(WHAT YOU HAVE TO DO) Reproduce, word for word, every line starting at the line that contains "#30=VERTEX_POINT('',#29);" and ending with the final line of the entries.

AVAILABLE DATA Block Start

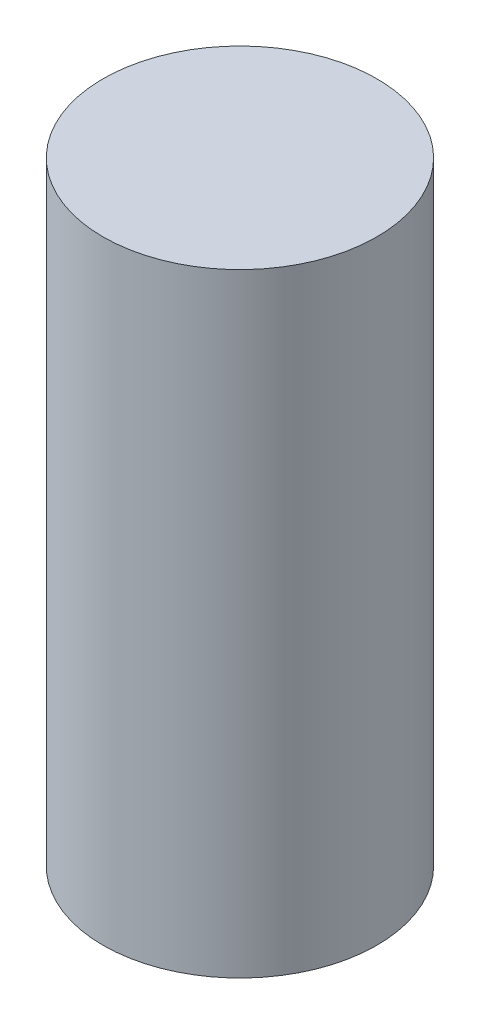
ISO-10303-21;
HEADER;
FILE_DESCRIPTION(('STEP AP214'),'2;1');
FILE_NAME('part.step','',(''),(''),'','','');
FILE_SCHEMA(('AUTOMOTIVE_DESIGN { 1 0 10303 214 1 1 1 1 }'));
ENDSEC;
DATA;
#1=APPLICATION_CONTEXT('core data for automotive mechanical design processes');
#2=APPLICATION_PROTOCOL_DEFINITION('international standard','automotive_design',2000,#1);
#3=PRODUCT_CONTEXT('',#1,'mechanical');
#4=PRODUCT('Part','Part','',(#3));
#5=PRODUCT_RELATED_PRODUCT_CATEGORY('part','',(#4));
#6=PRODUCT_DEFINITION_FORMATION('','',#4);
#7=PRODUCT_DEFINITION_CONTEXT('part definition',#1,'design');
#8=PRODUCT_DEFINITION('design','',#6,#7);
#9=PRODUCT_DEFINITION_SHAPE('','',#8);
#10=(LENGTH_UNIT() NAMED_UNIT(*) SI_UNIT(.MILLI.,.METRE.));
#11=(NAMED_UNIT(*) PLANE_ANGLE_UNIT() SI_UNIT($,.RADIAN.));
#12=(NAMED_UNIT(*) SI_UNIT($,.STERADIAN.) SOLID_ANGLE_UNIT());
#13=UNCERTAINTY_MEASURE_WITH_UNIT(LENGTH_MEASURE(1.E-05),#10,'distance_accuracy_value','');
#14=(GEOMETRIC_REPRESENTATION_CONTEXT(3) GLOBAL_UNCERTAINTY_ASSIGNED_CONTEXT((#13)) GLOBAL_UNIT_ASSIGNED_CONTEXT((#10,
#11,#12)) REPRESENTATION_CONTEXT('',''));
#15=CARTESIAN_POINT('',(0.,0.,0.));
#16=DIRECTION('',(0.,0.,1.));
#17=DIRECTION('',(1.,0.,0.));
#18=AXIS2_PLACEMENT_3D('',#15,#16,#17);
#19=CARTESIAN_POINT('',(0.,140.,0.));
#20=DIRECTION('',(0.,-1.,0.));
#21=DIRECTION('',(0.,0.,-1.));
#22=AXIS2_PLACEMENT_3D('',#19,#20,#21);
#23=CYLINDRICAL_SURFACE('',#22,31.25);
#24=CARTESIAN_POINT('',(0.,140.,0.));
#25=DIRECTION('',(0.,1.,0.));
#26=DIRECTION('',(0.,0.,1.));
#27=AXIS2_PLACEMENT_3D('',#24,#25,#26);
#28=CIRCLE('',#27,31.25);
#29=CARTESIAN_POINT('',(0.,140.,31.25));
#30=VERTEX_POINT('',#29);
#31=EDGE_CURVE('E10',#30,#30,#28,.T.);
#32=ORIENTED_EDGE('',*,*,#31,.F.);
#33=EDGE_LOOP('',(#32));
#34=FACE_BOUND('',#33,.T.);
#35=CARTESIAN_POINT('',(0.,0.,0.));
#36=DIRECTION('',(0.,1.,0.));
#37=DIRECTION('',(0.,0.,1.));
#38=AXIS2_PLACEMENT_3D('',#35,#36,#37);
#39=CIRCLE('',#38,31.25);
#40=CARTESIAN_POINT('',(0.,0.,31.25));
#41=VERTEX_POINT('',#40);
#42=EDGE_CURVE('E34',#41,#41,#39,.T.);
#43=ORIENTED_EDGE('',*,*,#42,.T.);
#44=EDGE_LOOP('',(#43));
#45=FACE_BOUND('',#44,.T.);
#46=ADVANCED_FACE('F31',(#34,#45),#23,.T.);
#47=CARTESIAN_POINT('',(0.,140.,0.));
#48=DIRECTION('',(0.,1.,0.));
#49=DIRECTION('',(0.,0.,1.));
#50=AXIS2_PLACEMENT_3D('',#47,#48,#49);
#51=PLANE('',#50);
#52=ORIENTED_EDGE('',*,*,#31,.T.);
#53=EDGE_LOOP('',(#52));
#54=FACE_BOUND('',#53,.T.);
#55=ADVANCED_FACE('F46',(#54),#51,.T.);
#56=CARTESIAN_POINT('',(0.,0.,0.));
#57=DIRECTION('',(0.,1.,0.));
#58=DIRECTION('',(0.,0.,1.));
#59=AXIS2_PLACEMENT_3D('',#56,#57,#58);
#60=PLANE('',#59);
#61=ORIENTED_EDGE('',*,*,#42,.F.);
#62=EDGE_LOOP('',(#61));
#63=FACE_BOUND('',#62,.T.);
#64=ADVANCED_FACE('F44',(#63),#60,.F.);
#65=CLOSED_SHELL('',(#46,#55,#64));
#66=MANIFOLD_SOLID_BREP('B2',#65);
#67=ADVANCED_BREP_SHAPE_REPRESENTATION('',(#18,#66),#14);
#68=SHAPE_DEFINITION_REPRESENTATION(#9,#67);
ENDSEC;
END-ISO-10303-21;

AVAILABLE DATA Block End

(REPLY TO THE TASK)
#30=VERTEX_POINT('',#29);
#31=EDGE_CURVE('E10',#30,#30,#28,.T.);
#32=ORIENTED_EDGE('',*,*,#31,.F.);
#33=EDGE_LOOP('',(#32));
#34=FACE_BOUND('',#33,.T.);
#35=CARTESIAN_POINT('',(0.,0.,0.));
#36=DIRECTION('',(0.,1.,0.));
#37=DIRECTION('',(0.,0.,1.));
#38=AXIS2_PLACEMENT_3D('',#35,#36,#37);
#39=CIRCLE('',#38,31.25);
#40=CARTESIAN_POINT('',(0.,0.,31.25));
#41=VERTEX_POINT('',#40);
#42=EDGE_CURVE('E34',#41,#41,#39,.T.);
#43=ORIENTED_EDGE('',*,*,#42,.T.);
#44=EDGE_LOOP('',(#43));
#45=FACE_BOUND('',#44,.T.);
#46=ADVANCED_FACE('F31',(#34,#45),#23,.T.);
#47=CARTESIAN_POINT('',(0.,140.,0.));
#48=DIRECTION('',(0.,1.,0.));
#49=DIRECTION('',(0.,0.,1.));
#50=AXIS2_PLACEMENT_3D('',#47,#48,#49);
#51=PLANE('',#50);
#52=ORIENTED_EDGE('',*,*,#31,.T.);
#53=EDGE_LOOP('',(#52));
#54=FACE_BOUND('',#53,.T.);
#55=ADVANCED_FACE('F46',(#54),#51,.T.);
#56=CARTESIAN_POINT('',(0.,0.,0.));
#57=DIRECTION('',(0.,1.,0.));
#58=DIRECTION('',(0.,0.,1.));
#59=AXIS2_PLACEMENT_3D('',#56,#57,#58);
#60=PLANE('',#59);
#61=ORIENTED_EDGE('',*,*,#42,.F.);
#62=EDGE_LOOP('',(#61));
#63=FACE_BOUND('',#62,.T.);
#64=ADVANCED_FACE('F44',(#63),#60,.F.);
#65=CLOSED_SHELL('',(#46,#55,#64));
#66=MANIFOLD_SOLID_BREP('B2',#65);
#67=ADVANCED_BREP_SHAPE_REPRESENTATION('',(#18,#66),#14);
#68=SHAPE_DEFINITION_REPRESENTATION(#9,#67);
ENDSEC;
END-ISO-10303-21;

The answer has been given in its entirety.